### Exercise prompt
Exact reproduction required: the lines below from the line with "msp.add_circle(centre, 4.5, dxfattribs=at)" to the line with "for centre, radius, start, end", both ends included, and no others.
======== Listed entries
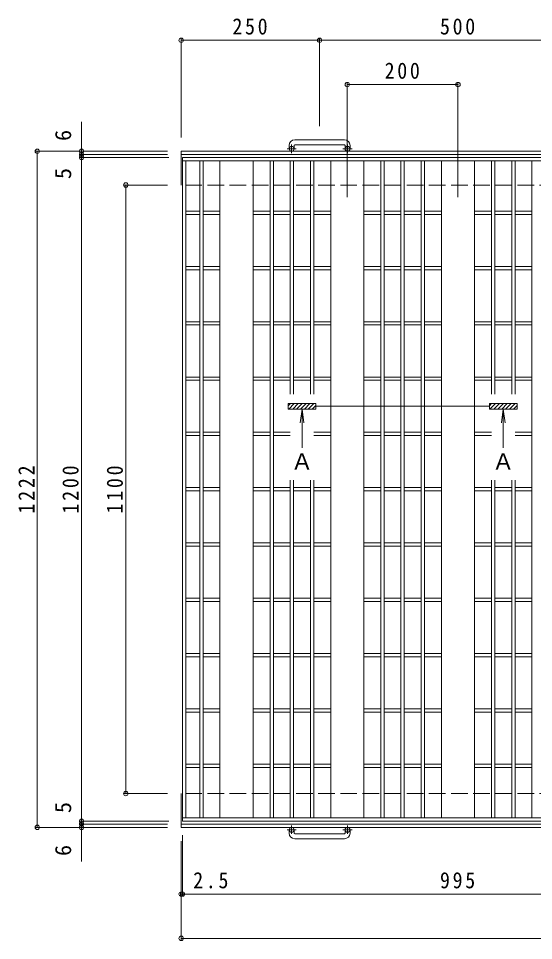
# Model space of a CAD drawing. Units: millimetres, scale not verified. Extents: x -1782 to 1840, y -1371 to 1338.
# Drawn here: x -1782 to -851, y -329 to 1338 of the extents above; entities that cross this region are included whole.
import ezdxf
from ezdxf.enums import TextEntityAlignment as Align

# ---------------------------------------------------------------- set-up
doc = ezdxf.new("R2010")
doc.units = ezdxf.units.MM
doc.header["$LTSCALE"] = 10
doc.header["$PDMODE"] = 32
doc.header["$PDSIZE"] = 8
doc.linetypes.add('CHAIN1', pattern=[8, 5, -1, 1, -1])
doc.linetypes.add('DASHED3', pattern=[4, 3, -1])
for name, color, linetype, lineweight in [('C-1', 2, 'Continuous', 9), ('C-2', 3, 'Continuous', 9), ('C-4', 7, 'Continuous', 9)]:
    doc.layers.add(name, color=color, linetype=linetype, lineweight=lineweight)
doc.styles.add('ＭＳ ゴシック', font='')
doc.styles.get('ＭＳ ゴシック').set_extended_font_data('MS Gothic')

msp = doc.modelspace()

# ---------------------------------------------------------------- linework, layer by layer
at = {"layer": 'C-1'}
for p, q in [((-1192.84, 1118.49), (-1282.84, 1118.49)), ((-1292.84, 1108.49), (-1292.84, 1102.39)), ((-1283.84, 1108.49), (-1283.84, 1102.39)), ((-1282.84, 1109.49), (-1192.84, 1109.49)), ((-1191.84, 1108.49), (-1191.84, 1102.39)), ((-1182.84, 1108.49), (-1182.84, 1102.39)), ((-1487.84, 1097.89), (-1487.84, 1036.89)), ((-87.84, 1097.89), (-1487.84, 1097.89)), ((-89.55, 1091.89), (-1487.84, 1091.89)), ((-1487.84, -63.11), (-1487.84, -124.11)), ((-86.68, -118.11), (-1487.84, -118.11)), ((-87.84, -124.11), (-1487.84, -124.11)), ((-1292.84, -134.71), (-1292.84, -128.61)), ((-1283.84, -134.71), (-1283.84, -128.61)), ((-1191.84, -134.71), (-1191.84, -128.61)), ((-1182.84, -134.71), (-1182.84, -128.61)), ((-1282.84, -135.71), (-1192.84, -135.71)), ((-1192.84, -144.71), (-1282.84, -144.71))]:
    msp.add_line(p, q, dxfattribs=at)
at = {"layer": 'C-1', "linetype": 'CHAIN1'}
for p, q in [((-1280.18, 1102.39), (-1296.58, 1102.39)), ((-1288.34, 1094.29), (-1288.34, 1109.88)), ((-1179.18, 1102.39), (-1195.58, 1102.39)), ((-1187.34, 1094.29), (-1187.34, 1109.88)), ((-1280.18, -128.61), (-1296.58, -128.61)), ((-1288.34, -120.5), (-1288.34, -136.1)), ((-1179.18, -128.61), (-1195.58, -128.61)), ((-1187.34, -120.5), (-1187.34, -136.1))]:
    msp.add_line(p, q, dxfattribs=at)
at = {"layer": 'C-1', "linetype": 'DASHED3'}
for p, q in [((-490.34, 1036.89), (-1487.84, 1036.89)), ((-490.34, -63.11), (-1487.84, -63.11))]:
    msp.add_line(p, q, dxfattribs=at)
at = {"layer": 'C-1'}
for centre in [(-1288.34, 1102.39), (-1187.34, 1102.39), (-1288.34, -128.61), (-1187.34, -128.61)]:
    msp.add_circle(centre, 4.5, dxfattribs=at)
for centre, radius, start, end in [((-1282.84, 1108.49), 10, 90, 180), ((-1192.84, 1108.49), 10, 0, 90), ((-1282.84, 1108.49), 1, 90, 180), ((-1192.84, 1108.49), 1, 0, 90), ((-1282.84, -134.71), 10, 180, 270), ((-1282.84, -134.71), 1, 180, 270), ((-1192.84, -134.71), 10, 270, 0), ((-1192.84, -134.71), 1, 270, 0)]:
    msp.add_arc(centre, radius, start, end, dxfattribs=at)
at = {"layer": 'C-2'}
for p, q in [((-1485.34, 1086.89), (-1485.34, -113.11)), ((-490.34, 1086.89), (-1485.34, 1086.89)), ((-490.34, 1080.89), (-1485.34, 1080.89)), ((-1479.34, 1080.89), (-1479.34, -107.11)), ((-1454.34, 1080.89), (-1454.34, -107.11)), ((-1448.34, 1080.89), (-1448.34, -107.11)), ((-1417.84, 1080.89), (-1417.84, -107.11)), ((-1357.84, 1080.89), (-1357.84, -107.11)), ((-1327.34, 1080.89), (-1327.34, -107.11)), ((-1321.34, 1080.89), (-1321.34, -107.11)), ((-1290.84, 1080.89), (-1290.84, 658.96)), ((-1284.84, 1080.89), (-1284.84, 658.96)), ((-1254.34, 1080.89), (-1254.34, 658.96)), ((-1248.34, 1080.89), (-1248.34, 658.96)), ((-1217.84, 1080.89), (-1217.84, -107.11)), ((-1157.84, 1080.89), (-1157.84, -107.11)), ((-1127.34, 1080.89), (-1127.34, -107.11)), ((-1121.34, 1080.89), (-1121.34, -107.11)), ((-1090.84, 1080.89), (-1090.84, -107.11)), ((-1084.84, 1080.89), (-1084.84, -107.11)), ((-1054.34, 1080.89), (-1054.34, -107.11)), ((-1048.34, 1080.89), (-1048.34, -107.11)), ((-1017.84, 1080.89), (-1017.84, -107.11)), ((-957.84, 1080.89), (-957.84, -107.11)), ((-927.34, 1080.89), (-927.34, 658.96)), ((-921.34, 1080.89), (-921.34, 658.96)), ((-890.84, 1080.89), (-890.84, 658.96)), ((-884.84, 1080.89), (-884.84, 658.96)), ((-854.34, 1080.89), (-854.34, -107.11)), ((-1454.34, 989.89), (-1479.34, 989.89)), ((-1454.34, 983.89), (-1479.34, 983.89)), ((-1417.84, 989.89), (-1448.34, 989.89)), ((-1417.84, 983.89), (-1448.34, 983.89)), ((-1327.34, 989.89), (-1357.84, 989.89)), ((-1327.34, 983.89), (-1357.84, 983.89)), ((-1290.84, 989.89), (-1321.34, 989.89)), ((-1290.84, 983.89), (-1321.34, 983.89)), ((-1254.34, 989.89), (-1284.84, 989.89)), ((-1254.34, 983.89), (-1284.84, 983.89)), ((-1217.84, 989.89), (-1248.34, 989.89)), ((-1217.84, 983.89), (-1248.34, 983.89)), ((-1127.34, 989.89), (-1157.84, 989.89)), ((-1127.34, 983.89), (-1157.84, 983.89)), ((-1090.84, 989.89), (-1121.34, 989.89)), ((-1090.84, 983.89), (-1121.34, 983.89)), ((-1054.34, 989.89), (-1084.84, 989.89)), ((-1054.34, 983.89), (-1084.84, 983.89)), ((-1017.84, 989.89), (-1048.34, 989.89)), ((-1017.84, 983.89), (-1048.34, 983.89)), ((-927.34, 989.89), (-957.84, 989.89)), ((-927.34, 983.89), (-957.84, 983.89)), ((-890.84, 989.89), (-921.34, 989.89)), ((-890.84, 983.89), (-921.34, 983.89)), ((-854.34, 989.89), (-884.84, 989.89)), ((-854.34, 983.89), (-884.84, 983.89)), ((-1454.34, 889.89), (-1479.34, 889.89)), ((-1454.34, 883.89), (-1479.34, 883.89)), ((-1417.84, 889.89), (-1448.34, 889.89)), ((-1417.84, 883.89), (-1448.34, 883.89)), ((-1327.34, 889.89), (-1357.84, 889.89)), ((-1327.34, 883.89), (-1357.84, 883.89)), ((-1290.84, 889.89), (-1321.34, 889.89)), ((-1290.84, 883.89), (-1321.34, 883.89)), ((-1254.34, 889.89), (-1284.84, 889.89)), ((-1254.34, 883.89), (-1284.84, 883.89)), ((-1217.84, 889.89), (-1248.34, 889.89)), ((-1217.84, 883.89), (-1248.34, 883.89)), ((-1127.34, 889.89), (-1157.84, 889.89)), ((-1127.34, 883.89), (-1157.84, 883.89)), ((-1090.84, 889.89), (-1121.34, 889.89)), ((-1090.84, 883.89), (-1121.34, 883.89)), ((-1054.34, 889.89), (-1084.84, 889.89)), ((-1054.34, 883.89), (-1084.84, 883.89)), ((-1017.84, 889.89), (-1048.34, 889.89)), ((-1017.84, 883.89), (-1048.34, 883.89)), ((-927.34, 889.89), (-957.84, 889.89)), ((-927.34, 883.89), (-957.84, 883.89)), ((-890.84, 889.89), (-921.34, 889.89)), ((-890.84, 883.89), (-921.34, 883.89)), ((-854.34, 889.89), (-884.84, 889.89)), ((-854.34, 883.89), (-884.84, 883.89)), ((-1454.34, 789.89), (-1479.34, 789.89)), ((-1454.34, 783.89), (-1479.34, 783.89)), ((-1417.84, 789.89), (-1448.34, 789.89)), ((-1417.84, 783.89), (-1448.34, 783.89)), ((-1327.34, 789.89), (-1357.84, 789.89)), ((-1327.34, 783.89), (-1357.84, 783.89)), ((-1290.84, 789.89), (-1321.34, 789.89)), ((-1290.84, 783.89), (-1321.34, 783.89)), ((-1254.34, 789.89), (-1284.84, 789.89)), ((-1254.34, 783.89), (-1284.84, 783.89)), ((-1217.84, 789.89), (-1248.34, 789.89)), ((-1217.84, 783.89), (-1248.34, 783.89)), ((-1127.34, 789.89), (-1157.84, 789.89)), ((-1127.34, 783.89), (-1157.84, 783.89)), ((-1090.84, 789.89), (-1121.34, 789.89)), ((-1090.84, 783.89), (-1121.34, 783.89)), ((-1054.34, 789.89), (-1084.84, 789.89)), ((-1054.34, 783.89), (-1084.84, 783.89)), ((-1017.84, 789.89), (-1048.34, 789.89)), ((-1017.84, 783.89), (-1048.34, 783.89)), ((-927.34, 789.89), (-957.84, 789.89)), ((-927.34, 783.89), (-957.84, 783.89)), ((-890.84, 789.89), (-921.34, 789.89)), ((-890.84, 783.89), (-921.34, 783.89)), ((-854.34, 789.89), (-884.84, 789.89)), ((-854.34, 783.89), (-884.84, 783.89)), ((-1454.34, 689.89), (-1479.34, 689.89)), ((-1454.34, 683.89), (-1479.34, 683.89)), ((-1417.84, 689.89), (-1448.34, 689.89)), ((-1417.84, 683.89), (-1448.34, 683.89)), ((-1327.34, 689.89), (-1357.84, 689.89)), ((-1327.34, 683.89), (-1357.84, 683.89)), ((-1290.84, 689.89), (-1321.34, 689.89)), ((-1290.84, 683.89), (-1321.34, 683.89)), ((-1254.34, 689.89), (-1284.84, 689.89)), ((-1254.34, 683.89), (-1284.84, 683.89)), ((-1217.84, 689.89), (-1248.34, 689.89)), ((-1217.84, 683.89), (-1248.34, 683.89)), ((-1127.34, 689.89), (-1157.84, 689.89)), ((-1127.34, 683.89), (-1157.84, 683.89)), ((-1090.84, 689.89), (-1121.34, 689.89)), ((-1090.84, 683.89), (-1121.34, 683.89)), ((-1054.34, 689.89), (-1084.84, 689.89)), ((-1054.34, 683.89), (-1084.84, 683.89)), ((-1017.84, 689.89), (-1048.34, 689.89)), ((-1017.84, 683.89), (-1048.34, 683.89)), ((-927.34, 689.89), (-957.84, 689.89)), ((-927.34, 683.89), (-957.84, 683.89)), ((-890.84, 689.89), (-921.34, 689.89)), ((-890.84, 683.89), (-921.34, 683.89)), ((-854.34, 689.89), (-884.84, 689.89)), ((-854.34, 683.89), (-884.84, 683.89)), ((-1454.34, 589.89), (-1479.34, 589.89)), ((-1454.34, 583.89), (-1479.34, 583.89)), ((-1417.84, 589.89), (-1448.34, 589.89)), ((-1417.84, 583.89), (-1448.34, 583.89)), ((-1327.34, 589.89), (-1357.84, 589.89)), ((-1327.34, 583.89), (-1357.84, 583.89)), ((-1290.84, 589.89), (-1321.34, 589.89)), ((-1290.84, 583.89), (-1321.34, 583.89)), ((-1217.84, 589.89), (-1248.34, 589.89)), ((-1217.84, 583.89), (-1248.34, 583.89)), ((-1127.34, 589.89), (-1157.84, 589.89)), ((-1127.34, 583.89), (-1157.84, 583.89)), ((-1090.84, 589.89), (-1121.34, 589.89)), ((-1090.84, 583.89), (-1121.34, 583.89)), ((-1054.34, 589.89), (-1084.84, 589.89)), ((-1054.34, 583.89), (-1084.84, 583.89)), ((-1017.84, 589.89), (-1048.34, 589.89)), ((-1017.84, 583.89), (-1048.34, 583.89)), ((-927.34, 589.89), (-957.84, 589.89)), ((-927.34, 583.89), (-957.84, 583.89)), ((-854.34, 589.89), (-884.84, 589.89)), ((-854.34, 583.89), (-884.84, 583.89)), ((-1290.84, 503.44), (-1290.84, -107.11)), ((-1284.84, 503.44), (-1284.84, -107.11)), ((-1254.34, 503.44), (-1254.34, -107.11)), ((-1248.34, 503.44), (-1248.34, -107.11)), ((-927.34, 503.44), (-927.34, -107.11)), ((-921.34, 503.44), (-921.34, -107.11)), ((-890.84, 503.44), (-890.84, -107.11)), ((-884.84, 503.44), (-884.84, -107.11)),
================
### Answer to this problem
    msp.add_circle(centre, 4.5, dxfattribs=at)
for centre, radius, start, end in [((-1282.84, 1108.49), 10, 90, 180), ((-1192.84, 1108.49), 10, 0, 90), ((-1282.84, 1108.49), 1, 90, 180), ((-1192.84, 1108.49), 1, 0, 90), ((-1282.84, -134.71), 10, 180, 270), ((-1282.84, -134.71), 1, 180, 270), ((-1192.84, -134.71), 10, 270, 0), ((-1192.84, -134.71), 1, 270, 0)]:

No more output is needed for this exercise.